GSP sourced a lender who is willing to offer a 7-year permanent loan term, without holding back Tenant Improvement and Leasing Commissions reserves. The loan is sized to 31%LTV, it has a fixed coupon of 3.46% with a 25-year amortization schedule.
October 8, 2019
George Smith Partners secured a $6,870,000 cash-out refinance loan for a 43,435 square foot medical/office property in Los Angeles. The loan represented 70% of value and a 1.25x debt coverage ratio. Our team helped the Sponsor secure the previous loan about a year ago at a time when the Property had 20% vacancy. Due to the considerable upside potential, the Sponsor had deliberately chosen a loan with no prepay. Since then, they successfully signed several new leases and achieved 100% occupancy.
In a survey of the market, GSP found that other lenders were limited by a higher stress rate, an above-market vacancy factor, or a lower LTV constraint. The selected Capital Provider had none of these constraints and was able to provide proceeds $300,000 higher than the rest of the market. The new Capital Provider was also able to provide the Sponsor full credit for the new leases without a seasoning requirement. The Capital Provider also included cash flow from month-to-month tenants and short-term tenants in their underwritten cash flow. As a result, the loan provided a considerable return of equity to the Sponsor. The loan was quoted at a rate of 5 year CMT + 2.55% with no floor. During application, the index rate declined by about 30 basis points. At loan approval, the rate was fixed at 3.98% for 5 years.
$13,850,000 Non-Recourse Permanent Loan for a 20-Story Office Building; 4.00% Fixed 4 Years Interest Only, 73% LTV; St. Louis, MO
September 18, 2019
George Smith Partners successfully placed a $13,850,000 permanent loan for the refinance of a 213,000 square foot Class A, multi-tenant office building located in the heart of Downtown St. Louis, Missouri. The multi-tenant building has a unique combination of national and local businesses. The Sponsorship has added tremendous value by improving the Property and creating state of the art shared amenities.
The Downtown St. Louis office market has been weak mainly because several buildings fully occupied by Fortune 500 Companies have gone vacant with tenants moving to the suburbs or out of town. Several lenders were concerned about the market and high level of vacancy. In addition, lenders usually only offer interest only payments options with leverage of 60-65%. For this property, the sponsor desired long term low fixed rate non-recourse financing with some interest only, but also required the higher leverage to make the loan work.
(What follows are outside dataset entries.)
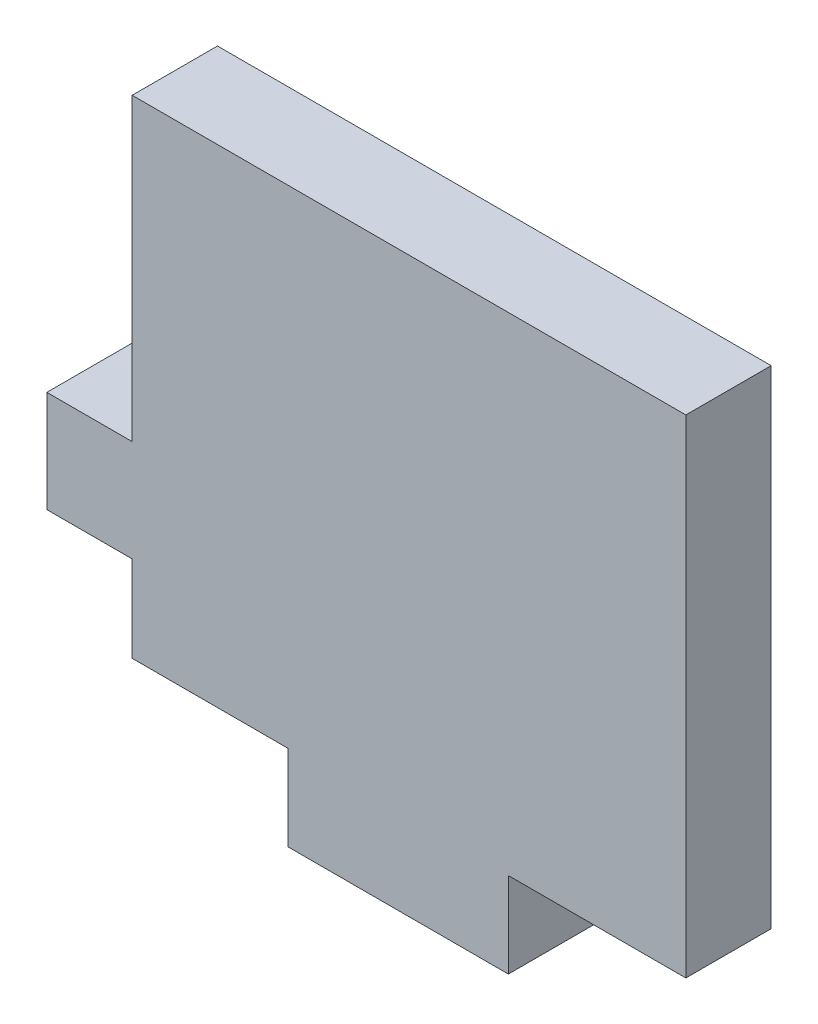
ISO-10303-21;
HEADER;
FILE_DESCRIPTION(('STEP AP214'),'2;1');
FILE_NAME('part.step','',(''),(''),'','','');
FILE_SCHEMA(('AUTOMOTIVE_DESIGN { 1 0 10303 214 1 1 1 1 }'));
ENDSEC;
DATA;
#1=APPLICATION_CONTEXT('core data for automotive mechanical design processes');
#2=APPLICATION_PROTOCOL_DEFINITION('international standard','automotive_design',2000,#1);
#3=PRODUCT_CONTEXT('',#1,'mechanical');
#4=PRODUCT('Part','Part','',(#3));
#5=PRODUCT_RELATED_PRODUCT_CATEGORY('part','',(#4));
#6=PRODUCT_DEFINITION_FORMATION('','',#4);
#7=PRODUCT_DEFINITION_CONTEXT('part definition',#1,'design');
#8=PRODUCT_DEFINITION('design','',#6,#7);
#9=PRODUCT_DEFINITION_SHAPE('','',#8);
#10=(LENGTH_UNIT() NAMED_UNIT(*) SI_UNIT(.MILLI.,.METRE.));
#11=(NAMED_UNIT(*) PLANE_ANGLE_UNIT() SI_UNIT($,.RADIAN.));
#12=(NAMED_UNIT(*) SI_UNIT($,.STERADIAN.) SOLID_ANGLE_UNIT());
#13=UNCERTAINTY_MEASURE_WITH_UNIT(LENGTH_MEASURE(1.E-05),#10,'distance_accuracy_value','');
#14=(GEOMETRIC_REPRESENTATION_CONTEXT(3) GLOBAL_UNCERTAINTY_ASSIGNED_CONTEXT((#13)) GLOBAL_UNIT_ASSIGNED_CONTEXT((#10,
#11,#12)) REPRESENTATION_CONTEXT('',''));
#15=CARTESIAN_POINT('',(0.,0.,0.));
#16=DIRECTION('',(0.,0.,1.));
#17=DIRECTION('',(1.,0.,0.));
#18=AXIS2_PLACEMENT_3D('',#15,#16,#17);
#19=CARTESIAN_POINT('',(-171.988852231813,-28.3612479474548,5.334));
#20=DIRECTION('',(0.,1.,0.));
#21=DIRECTION('',(0.,0.,1.));
#22=AXIS2_PLACEMENT_3D('',#19,#20,#21);
#23=PLANE('',#22);
#24=DIRECTION('',(0.,0.,1.));
#25=VECTOR('',#24,1.);
#26=CARTESIAN_POINT('',(-106.881835763147,-28.3612479474548,0.));
#27=LINE('',#26,#25);
#28=CARTESIAN_POINT('',(-106.881835763147,-28.3612479474548,0.));
#29=VERTEX_POINT('',#28);
#30=CARTESIAN_POINT('',(-106.881835763147,-28.3612479474548,5.334));
#31=VERTEX_POINT('',#30);
#32=EDGE_CURVE('E155',#29,#31,#27,.T.);
#33=ORIENTED_EDGE('',*,*,#32,.F.);
#34=DIRECTION('',(1.,0.,0.));
#35=VECTOR('',#34,1.);
#36=CARTESIAN_POINT('',(-171.988852231813,-28.3612479474548,0.));
#37=LINE('',#36,#35);
#38=CARTESIAN_POINT('',(-95.7888522318134,-28.3612479474548,0.));
#39=VERTEX_POINT('',#38);
#40=EDGE_CURVE('E196',#29,#39,#37,.T.);
#41=ORIENTED_EDGE('',*,*,#40,.T.);
#42=DIRECTION('',(0.,0.,-1.));
#43=VECTOR('',#42,1.);
#44=CARTESIAN_POINT('',(-95.7888522318134,-28.3612479474548,5.334));
#45=LINE('',#44,#43);
#46=CARTESIAN_POINT('',(-95.7888522318134,-28.3612479474548,5.334));
#47=VERTEX_POINT('',#46);
#48=EDGE_CURVE('E218',#47,#39,#45,.T.);
#49=ORIENTED_EDGE('',*,*,#48,.F.);
#50=DIRECTION('',(1.,0.,0.));
#51=VECTOR('',#50,1.);
#52=CARTESIAN_POINT('',(-171.988852231813,-28.3612479474548,5.334));
#53=LINE('',#52,#51);
#54=EDGE_CURVE('E237',#31,#47,#53,.T.);
#55=ORIENTED_EDGE('',*,*,#54,.F.);
#56=EDGE_LOOP('',(#33,#41,#49,#55));
#57=FACE_BOUND('',#56,.T.);
#58=ADVANCED_FACE('F33',(#57),#23,.F.);
#59=CARTESIAN_POINT('',(-130.396352231813,7.488855574737,-10.3612830354487));
#60=DIRECTION('',(-1.,0.,0.));
#61=DIRECTION('',(0.,1.,0.));
#62=AXIS2_PLACEMENT_3D('',#59,#60,#61);
#63=PLANE('',#62);
#64=DIRECTION('',(0.,-1.,0.));
#65=VECTOR('',#64,1.);
#66=CARTESIAN_POINT('',(-130.396352231813,-28.3612479474549,0.));
#67=LINE('',#66,#65);
#68=CARTESIAN_POINT('',(-130.396352231813,2.11875205254515,0.));
#69=VERTEX_POINT('',#68);
#70=CARTESIAN_POINT('',(-130.396352231813,-16.6287418102632,0.));
#71=VERTEX_POINT('',#70);
#72=EDGE_CURVE('E42',#69,#71,#67,.T.);
#73=ORIENTED_EDGE('',*,*,#72,.T.);
#74=DIRECTION('',(0.,0.,1.));
#75=VECTOR('',#74,1.);
#76=CARTESIAN_POINT('',(-130.396352231813,-16.6287418102632,0.));
#77=LINE('',#76,#75);
#78=CARTESIAN_POINT('',(-130.396352231813,-16.6287418102632,5.334));
#79=VERTEX_POINT('',#78);
#80=EDGE_CURVE('E185',#71,#79,#77,.T.);
#81=ORIENTED_EDGE('',*,*,#80,.T.);
#82=DIRECTION('',(0.,-1.,0.));
#83=VECTOR('',#82,1.);
#84=CARTESIAN_POINT('',(-130.396352231813,-28.3612479474549,5.334));
#85=LINE('',#84,#83);
#86=CARTESIAN_POINT('',(-130.396352231813,2.11875205254515,5.334));
#87=VERTEX_POINT('',#86);
#88=EDGE_CURVE('E235',#87,#79,#85,.T.);
#89=ORIENTED_EDGE('',*,*,#88,.F.);
#90=DIRECTION('',(0.,0.,-1.));
#91=VECTOR('',#90,1.);
#92=CARTESIAN_POINT('',(-130.396352231813,2.11875205254515,5.334));
#93=LINE('',#92,#91);
#94=EDGE_CURVE('E221',#87,#69,#93,.T.);
#95=ORIENTED_EDGE('',*,*,#94,.T.);
#96=EDGE_LOOP('',(#73,#81,#89,#95));
#97=FACE_BOUND('',#96,.T.);
#98=ADVANCED_FACE('F274',(#97),#63,.T.);
#99=CARTESIAN_POINT('',(-171.988852231813,2.11875205254515,5.334));
#100=DIRECTION('',(0.,-1.,0.));
#101=DIRECTION('',(0.,0.,-1.));
#102=AXIS2_PLACEMENT_3D('',#99,#100,#101);
#103=PLANE('',#102);
#104=ORIENTED_EDGE('',*,*,#94,.F.);
#105=DIRECTION('',(-1.,0.,0.));
#106=VECTOR('',#105,1.);
#107=CARTESIAN_POINT('',(-171.988852231813,2.11875205254515,5.334));
#108=LINE('',#107,#106);
#109=CARTESIAN_POINT('',(-95.7888522318134,2.11875205254515,5.334));
#110=VERTEX_POINT('',#109);
#111=EDGE_CURVE('E195',#110,#87,#108,.T.);
#112=ORIENTED_EDGE('',*,*,#111,.F.);
#113=DIRECTION('',(0.,0.,-1.));
#114=VECTOR('',#113,1.);
#115=CARTESIAN_POINT('',(-95.7888522318134,2.11875205254515,5.334));
#116=LINE('',#115,#114);
#117=CARTESIAN_POINT('',(-95.7888522318134,2.11875205254515,0.));
#118=VERTEX_POINT('',#117);
#119=EDGE_CURVE('E181',#110,#118,#116,.T.);
#120=ORIENTED_EDGE('',*,*,#119,.T.);
#121=DIRECTION('',(-1.,0.,0.));
#122=VECTOR('',#121,1.);
#123=CARTESIAN_POINT('',(-171.988852231813,2.11875205254515,0.));
#124=LINE('',#123,#122);
#125=EDGE_CURVE('E202',#118,#69,#124,.T.);
#126=ORIENTED_EDGE('',*,*,#125,.T.);
#127=EDGE_LOOP('',(#104,#112,#120,#126));
#128=FACE_BOUND('',#127,.T.);
#129=ADVANCED_FACE('F35',(#128),#103,.F.);
#130=CARTESIAN_POINT('',(-130.396352231813,-28.3612479474548,0.));
#131=VERTEX_POINT('',#130);
#132=CARTESIAN_POINT('',(-120.670105329381,-28.3612479474548,0.));
#133=VERTEX_POINT('',#132);
#134=EDGE_CURVE('E192',#131,#133,#37,.T.);
#135=ORIENTED_EDGE('',*,*,#134,.T.);
#136=DIRECTION('',(0.,0.,1.));
#137=VECTOR('',#136,1.);
#138=CARTESIAN_POINT('',(-120.670105329381,-28.3612479474548,0.));
#139=LINE('',#138,#137);
#140=CARTESIAN_POINT('',(-120.670105329381,-28.3612479474548,5.334));
#141=VERTEX_POINT('',#140);
#142=EDGE_CURVE('E145',#133,#141,#139,.T.);
#143=ORIENTED_EDGE('',*,*,#142,.T.);
#144=CARTESIAN_POINT('',(-130.396352231813,-28.3612479474548,5.334));
#145=VERTEX_POINT('',#144);
#146=EDGE_CURVE('E228',#145,#141,#53,.T.);
#147=ORIENTED_EDGE('',*,*,#146,.F.);
#148=DIRECTION('',(0.,0.,1.));
#149=VECTOR('',#148,1.);
#150=CARTESIAN_POINT('',(-130.396352231813,-28.3612479474548,5.334));
#151=LINE('',#150,#149);
#152=EDGE_CURVE('E11',#131,#145,#151,.T.);
#153=ORIENTED_EDGE('',*,*,#152,.F.);
#154=EDGE_LOOP('',(#135,#143,#147,#153));
#155=FACE_BOUND('',#154,.T.);
#156=ADVANCED_FACE('F257',(#155),#23,.F.);
#157=CARTESIAN_POINT('',(-95.7888522318134,-28.3612479474548,5.334));
#158=DIRECTION('',(0.,0.,1.));
#159=DIRECTION('',(1.,0.,0.));
#160=AXIS2_PLACEMENT_3D('',#157,#158,#159);
#161=PLANE('',#160);
#162=ORIENTED_EDGE('',*,*,#111,.T.);
#163=ORIENTED_EDGE('',*,*,#88,.T.);
#164=DIRECTION('',(-1.,0.,0.));
#165=VECTOR('',#164,1.);
#166=CARTESIAN_POINT('',(-130.396352231813,-16.6287418102632,5.334));
#167=LINE('',#166,#165);
#168=CARTESIAN_POINT('',(-135.730352231813,-16.6287418102632,5.334));
#169=VERTEX_POINT('',#168);
#170=EDGE_CURVE('E58',#79,#169,#167,.T.);
#171=ORIENTED_EDGE('',*,*,#170,.T.);
#172=DIRECTION('',(0.,-1.,0.));
#173=VECTOR('',#172,1.);
#174=CARTESIAN_POINT('',(-135.730352231813,-16.6287418102632,5.334));
#175=LINE('',#174,#173);
#176=CARTESIAN_POINT('',(-135.730352231813,-22.9787418102632,5.334));
#177=VERTEX_POINT('',#176);
#178=EDGE_CURVE('E169',#169,#177,#175,.T.);
#179=ORIENTED_EDGE('',*,*,#178,.T.);
#180=DIRECTION('',(1.,0.,0.));
#181=VECTOR('',#180,1.);
#182=CARTESIAN_POINT('',(-130.396352231813,-22.9787418102632,5.334));
#183=LINE('',#182,#181);
#184=CARTESIAN_POINT('',(-130.396352231813,-22.9787418102632,5.334));
#185=VERTEX_POINT('',#184);
#186=EDGE_CURVE('E172',#177,#185,#183,.T.);
#187=ORIENTED_EDGE('',*,*,#186,.T.);
#188=EDGE_CURVE('E233',#185,#145,#85,.T.);
#189=ORIENTED_EDGE('',*,*,#188,.T.);
#190=ORIENTED_EDGE('',*,*,#146,.T.);
#191=DIRECTION('',(0.,-1.,0.));
#192=VECTOR('',#191,1.);
#193=CARTESIAN_POINT('',(-120.670105329381,-28.3612479474548,5.334));
#194=LINE('',#193,#192);
#195=CARTESIAN_POINT('',(-120.670105329381,-33.6952479474548,5.334));
#196=VERTEX_POINT('',#195);
#197=EDGE_CURVE('E50',#141,#196,#194,.T.);
#198=ORIENTED_EDGE('',*,*,#197,.T.);
#199=DIRECTION('',(1.,0.,0.));
#200=VECTOR('',#199,1.);
#201=CARTESIAN_POINT('',(-120.670105329381,-33.6952479474548,5.334));
#202=LINE('',#201,#200);
#203=CARTESIAN_POINT('',(-106.881835763147,-33.6952479474548,5.334));
#204=VERTEX_POINT('',#203);
#205=EDGE_CURVE('E129',#196,#204,#202,.T.);
#206=ORIENTED_EDGE('',*,*,#205,.T.);
#207=DIRECTION('',(0.,1.,0.));
#208=VECTOR('',#207,1.);
#209=CARTESIAN_POINT('',(-106.881835763147,-28.3612479474548,5.334));
#210=LINE('',#209,#208);
#211=EDGE_CURVE('E146',#204,#31,#210,.T.);
#212=ORIENTED_EDGE('',*,*,#211,.T.);
#213=ORIENTED_EDGE('',*,*,#54,.T.);
#214=DIRECTION('',(0.,1.,0.));
#215=VECTOR('',#214,1.);
#216=CARTESIAN_POINT('',(-95.7888522318134,2.11875205254515,5.334));
#217=LINE('',#216,#215);
#218=EDGE_CURVE('E225',#47,#110,#217,.T.);
#219=ORIENTED_EDGE('',*,*,#218,.T.);
#220=EDGE_LOOP('',(#162,#163,#171,#179,#187,#189,#190,#198,#206,#212,#213,#219));
#221=FACE_BOUND('',#220,.T.);
#222=ADVANCED_FACE('F243',(#221),#161,.T.);
#223=CARTESIAN_POINT('',(-95.7888522318134,-28.3612479474548,0.));
#224=DIRECTION('',(0.,0.,1.));
#225=DIRECTION('',(1.,0.,0.));
#226=AXIS2_PLACEMENT_3D('',#223,#224,#225);
#227=PLANE('',#226);
#228=ORIENTED_EDGE('',*,*,#72,.F.);
#229=ORIENTED_EDGE('',*,*,#125,.F.);
#230=DIRECTION('',(0.,1.,0.));
#231=VECTOR('',#230,1.);
#232=CARTESIAN_POINT('',(-95.7888522318134,2.11875205254515,0.));
#233=LINE('',#232,#231);
#234=EDGE_CURVE('E222',#39,#118,#233,.T.);
#235=ORIENTED_EDGE('',*,*,#234,.F.);
#236=ORIENTED_EDGE('',*,*,#40,.F.);
#237=DIRECTION('',(0.,1.,0.));
#238=VECTOR('',#237,1.);
#239=CARTESIAN_POINT('',(-106.881835763147,-28.3612479474548,0.));
#240=LINE('',#239,#238);
#241=CARTESIAN_POINT('',(-106.881835763147,-33.6952479474548,0.));
#242=VERTEX_POINT('',#241);
#243=EDGE_CURVE('E132',#242,#29,#240,.T.);
#244=ORIENTED_EDGE('',*,*,#243,.F.);
#245=DIRECTION('',(1.,0.,0.));
#246=VECTOR('',#245,1.);
#247=CARTESIAN_POINT('',(-120.670105329381,-33.6952479474548,0.));
#248=LINE('',#247,#246);
#249=CARTESIAN_POINT('',(-120.670105329381,-33.6952479474548,0.));
#250=VERTEX_POINT('',#249);
#251=EDGE_CURVE('E127',#250,#242,#248,.T.);
#252=ORIENTED_EDGE('',*,*,#251,.F.);
#253=DIRECTION('',(0.,-1.,0.));
#254=VECTOR('',#253,1.);
#255=CARTESIAN_POINT('',(-120.670105329381,-28.3612479474548,0.));
#256=LINE('',#255,#254);
#257=EDGE_CURVE('E140',#133,#250,#256,.T.);
#258=ORIENTED_EDGE('',*,*,#257,.F.);
#259=ORIENTED_EDGE('',*,*,#134,.F.);
#260=CARTESIAN_POINT('',(-130.396352231813,-22.9787418102632,0.));
#261=VERTEX_POINT('',#260);
#262=EDGE_CURVE('E209',#261,#131,#67,.T.);
#263=ORIENTED_EDGE('',*,*,#262,.F.);
#264=DIRECTION('',(1.,0.,0.));
#265=VECTOR('',#264,1.);
#266=CARTESIAN_POINT('',(-130.396352231813,-22.9787418102632,0.));
#267=LINE('',#266,#265);
#268=CARTESIAN_POINT('',(-135.730352231813,-22.9787418102632,0.));
#269=VERTEX_POINT('',#268);
#270=EDGE_CURVE('E167',#269,#261,#267,.T.);
#271=ORIENTED_EDGE('',*,*,#270,.F.);
#272=DIRECTION('',(0.,-1.,0.));
#273=VECTOR('',#272,1.);
#274=CARTESIAN_POINT('',(-135.730352231813,-16.6287418102632,0.));
#275=LINE('',#274,#273);
#276=CARTESIAN_POINT('',(-135.730352231813,-16.6287418102632,0.));
#277=VERTEX_POINT('',#276);
#278=EDGE_CURVE('E164',#277,#269,#275,.T.);
#279=ORIENTED_EDGE('',*,*,#278,.F.);
#280=DIRECTION('',(-1.,0.,0.));
#281=VECTOR('',#280,1.);
#282=CARTESIAN_POINT('',(-130.396352231813,-16.6287418102632,0.));
#283=LINE('',#282,#281);
#284=EDGE_CURVE('E168',#71,#277,#283,.T.);
#285=ORIENTED_EDGE('',*,*,#284,.F.);
#286=EDGE_LOOP('',(#228,#229,#235,#236,#244,#252,#258,#259,#263,#271,#279,#285));
#287=FACE_BOUND('',#286,.T.);
#288=ADVANCED_FACE('F138',(#287),#227,.F.);
#289=CARTESIAN_POINT('',(-95.7888522318134,2.11875205254515,5.334));
#290=DIRECTION('',(-1.,0.,0.));
#291=DIRECTION('',(0.,0.,1.));
#292=AXIS2_PLACEMENT_3D('',#289,#290,#291);
#293=PLANE('',#292);
#294=ORIENTED_EDGE('',*,*,#234,.T.);
#295=ORIENTED_EDGE('',*,*,#119,.F.);
#296=ORIENTED_EDGE('',*,*,#218,.F.);
#297=ORIENTED_EDGE('',*,*,#48,.T.);
#298=EDGE_LOOP('',(#294,#295,#296,#297));
#299=FACE_BOUND('',#298,.T.);
#300=ADVANCED_FACE('F270',(#299),#293,.F.);
#301=DIRECTION('',(0.,0.,1.));
#302=VECTOR('',#301,1.);
#303=CARTESIAN_POINT('',(-130.396352231813,-22.9787418102632,0.));
#304=LINE('',#303,#302);
#305=EDGE_CURVE('E178',#261,#185,#304,.T.);
#306=ORIENTED_EDGE('',*,*,#305,.F.);
#307=ORIENTED_EDGE('',*,*,#262,.T.);
#308=ORIENTED_EDGE('',*,*,#152,.T.);
#309=ORIENTED_EDGE('',*,*,#188,.F.);
#310=EDGE_LOOP('',(#306,#307,#308,#309));
#311=FACE_BOUND('',#310,.T.);
#312=ADVANCED_FACE('F253',(#311),#63,.T.);
#313=CARTESIAN_POINT('',(-130.396352231813,-22.9787418102632,0.));
#314=DIRECTION('',(0.,-1.,0.));
#315=DIRECTION('',(1.,0.,0.));
#316=AXIS2_PLACEMENT_3D('',#313,#314,#315);
#317=PLANE('',#316);
#318=ORIENTED_EDGE('',*,*,#186,.F.);
#319=DIRECTION('',(0.,0.,1.));
#320=VECTOR('',#319,1.);
#321=CARTESIAN_POINT('',(-135.730352231813,-22.9787418102632,0.));
#322=LINE('',#321,#320);
#323=EDGE_CURVE('E175',#269,#177,#322,.T.);
#324=ORIENTED_EDGE('',*,*,#323,.F.);
#325=ORIENTED_EDGE('',*,*,#270,.T.);
#326=ORIENTED_EDGE('',*,*,#305,.T.);
#327=EDGE_LOOP('',(#318,#324,#325,#326));
#328=FACE_BOUND('',#327,.T.);
#329=ADVANCED_FACE('F285',(#328),#317,.T.);
#330=CARTESIAN_POINT('',(-135.730352231813,-16.6287418102632,0.));
#331=DIRECTION('',(-1.,0.,0.));
#332=DIRECTION('',(0.,0.,1.));
#333=AXIS2_PLACEMENT_3D('',#330,#331,#332);
#334=PLANE('',#333);
#335=ORIENTED_EDGE('',*,*,#178,.F.);
#336=DIRECTION('',(0.,0.,1.));
#337=VECTOR('',#336,1.);
#338=CARTESIAN_POINT('',(-135.730352231813,-16.6287418102632,0.));
#339=LINE('',#338,#337);
#340=EDGE_CURVE('E275',#277,#169,#339,.T.);
#341=ORIENTED_EDGE('',*,*,#340,.F.);
#342=ORIENTED_EDGE('',*,*,#278,.T.);
#343=ORIENTED_EDGE('',*,*,#323,.T.);
#344=EDGE_LOOP('',(#335,#341,#342,#343));
#345=FACE_BOUND('',#344,.T.);
#346=ADVANCED_FACE('F282',(#345),#334,.T.);
#347=CARTESIAN_POINT('',(-130.396352231813,-16.6287418102632,0.));
#348=DIRECTION('',(0.,1.,0.));
#349=DIRECTION('',(0.,0.,1.));
#350=AXIS2_PLACEMENT_3D('',#347,#348,#349);
#351=PLANE('',#350);
#352=ORIENTED_EDGE('',*,*,#170,.F.);
#353=ORIENTED_EDGE('',*,*,#80,.F.);
#354=ORIENTED_EDGE('',*,*,#284,.T.);
#355=ORIENTED_EDGE('',*,*,#340,.T.);
#356=EDGE_LOOP('',(#352,#353,#354,#355));
#357=FACE_BOUND('',#356,.T.);
#358=ADVANCED_FACE('F279',(#357),#351,.T.);
#359=CARTESIAN_POINT('',(-120.670105329381,-28.3612479474548,0.));
#360=DIRECTION('',(-1.,0.,0.));
#361=DIRECTION('',(0.,0.,1.));
#362=AXIS2_PLACEMENT_3D('',#359,#360,#361);
#363=PLANE('',#362);
#364=ORIENTED_EDGE('',*,*,#197,.F.);
#365=ORIENTED_EDGE('',*,*,#142,.F.);
#366=ORIENTED_EDGE('',*,*,#257,.T.);
#367=DIRECTION('',(0.,0.,1.));
#368=VECTOR('',#367,1.);
#369=CARTESIAN_POINT('',(-120.670105329381,-33.6952479474548,0.));
#370=LINE('',#369,#368);
#371=EDGE_CURVE('E124',#250,#196,#370,.T.);
#372=ORIENTED_EDGE('',*,*,#371,.T.);
#373=EDGE_LOOP('',(#364,#365,#366,#372));
#374=FACE_BOUND('',#373,.T.);
#375=ADVANCED_FACE('F144',(#374),#363,.T.);
#376=CARTESIAN_POINT('',(-106.881835763147,-28.3612479474548,0.));
#377=DIRECTION('',(1.,0.,0.));
#378=DIRECTION('',(0.,0.,-1.));
#379=AXIS2_PLACEMENT_3D('',#376,#377,#378);
#380=PLANE('',#379);
#381=ORIENTED_EDGE('',*,*,#211,.F.);
#382=DIRECTION('',(0.,0.,1.));
#383=VECTOR('',#382,1.);
#384=CARTESIAN_POINT('',(-106.881835763147,-33.6952479474548,0.));
#385=LINE('',#384,#383);
#386=EDGE_CURVE('E131',#242,#204,#385,.T.);
#387=ORIENTED_EDGE('',*,*,#386,.F.);
#388=ORIENTED_EDGE('',*,*,#243,.T.);
#389=ORIENTED_EDGE('',*,*,#32,.T.);
#390=EDGE_LOOP('',(#381,#387,#388,#389));
#391=FACE_BOUND('',#390,.T.);
#392=ADVANCED_FACE('F380',(#391),#380,.T.);
#393=CARTESIAN_POINT('',(-120.670105329381,-33.6952479474548,0.));
#394=DIRECTION('',(0.,-1.,0.));
#395=DIRECTION('',(0.,0.,-1.));
#396=AXIS2_PLACEMENT_3D('',#393,#394,#395);
#397=PLANE('',#396);
#398=ORIENTED_EDGE('',*,*,#205,.F.);
#399=ORIENTED_EDGE('',*,*,#371,.F.);
#400=ORIENTED_EDGE('',*,*,#251,.T.);
#401=ORIENTED_EDGE('',*,*,#386,.T.);
#402=EDGE_LOOP('',(#398,#399,#400,#401));
#403=FACE_BOUND('',#402,.T.);
#404=ADVANCED_FACE('F126',(#403),#397,.T.);
#405=CLOSED_SHELL('',(#58,#98,#129,#156,#222,#288,#300,#312,#329,#346,#358,#375,#392,#404));
#406=MANIFOLD_SOLID_BREP('B2',#405);
#407=ADVANCED_BREP_SHAPE_REPRESENTATION('',(#18,#406),#14);
#408=SHAPE_DEFINITION_REPRESENTATION(#9,#407);
ENDSEC;
END-ISO-10303-21;

With experience in the market, GSP utilized an international relationship lender whom we had completed other complicated office transactions to complete this financing. We overcame the lenders objections by providing detailed market research and access to local experts, which demonstrated to the Capital Provider the strength of multi-tenant office market as compared to the high vacancy in the single tenant downtown office market. Thanks to our understanding of the market and relationship with the Lender, GSP was able to secure 10 Year Non-Recourse fixed rate of 4.00% with 4 years I/O at 73% Loan to value and close the loan in under 30 days.
$15,400,000 Non-Recourse Acquisition Financing for Office Tower; 3.68%; 70% LTV; 10 Year Interest Only; San Fernando Valley, CA
August 14, 2019
George Smith Partners secured $15,400,000 in non-recourse acquisition financing for an office tower located in the San Fernando Valley. The loan is fixed at 3.68% for 10 years with full term interest only payments. The proceeds represent 70% of the acquisition price.
The Property has over 40 tenants and many leases will roll within the next 2-3 years. Shortly before the PSA was signed, a major tenant moved out resulting in vacancy of 10%. The Property receives income both from cell tower leases and excess parking capacity, but many lenders do not give credit for these types of revenue. The seller included both regular operating expenses and capital expenditures in the historical P&Ls.
GSP demonstrated that the Property had historically high occupancy above 95% and provided data that demonstrated the strength of the local office market. This made the Lender comfortable with the short term leases and the temporary increase in vacancy. Additionally, while the loan was in application, the Sponsors signed a new lease to bring occupancy back up. The Lender did not require seasoning on this new lease. The Lender was able to include cell tower and parking income based on the historical P&Ls. Finally, GSP obtained the Seller’s general ledgers and was able to separate out major capital expenditures from the P&Ls. The Lender was ready to move quickly and close in about 30 days, but the Seller requested an extension and the loan closed about 50 days from application.
July 10, 2019
George Smith Partners successfully arranged a $10,200,000 refinance of a 69,552 square foot, multi-tenant office building in San Diego. The permanent recourse financing is fixed at 3.68% for the first five years with a rate reset for the remaining five years. The loan amortizes for 25 years with a declining step down prepay penalty.
There is rollover risk of approximately 53% of the square footage from the largest tenant, with their lease expiring in three years. Because of this, other lenders proposed limited loan terms of five years or less or simply declined the financing request. Lender’s willing to finance required reserves to mitigate the rollover risk which was unappealing to our Sponsor.
George Smith Partners worked with a new banking relationship who was able to get comfortable with the rollover risk given the conservative 56% loan to value request. The strength of the Sponsor and longevity of ownership helped the Lender meet the Sponsor’s financing requests.
$3,900,000 Cash-Out Permanent Financing with Full Term Interest-Only After Exchange; Los Angeles, CA
July 2, 2019
George Smith Partners financed the purchase of a mixed-use retail/office building in Los Angeles, California, last year, using a 1031 exchange. GSP used our vast experience with tax differed exchanges to arrange a cash-out financing with a seven-year fixed rate and is full term interest-only. The cash- out was used to purchase a new property and the Sponsor was able to reinvest their entire exchange in the purchase to differ any taxable gain. The new refinance allowed the Sponsor to pull cash out from the property tax free and use that cash to grow his real estate portfolio. While the cap rate at purchase was very low, the Property’s value will continue to increase due to its location in a great Los Angeles neighborhood. In a traditional loan, the Borrower would be limited on the loan size and cash flow but structuring the full term interest-only loan allowed the Sponsor to achieve positive cashflow and acquire the new asset without issue.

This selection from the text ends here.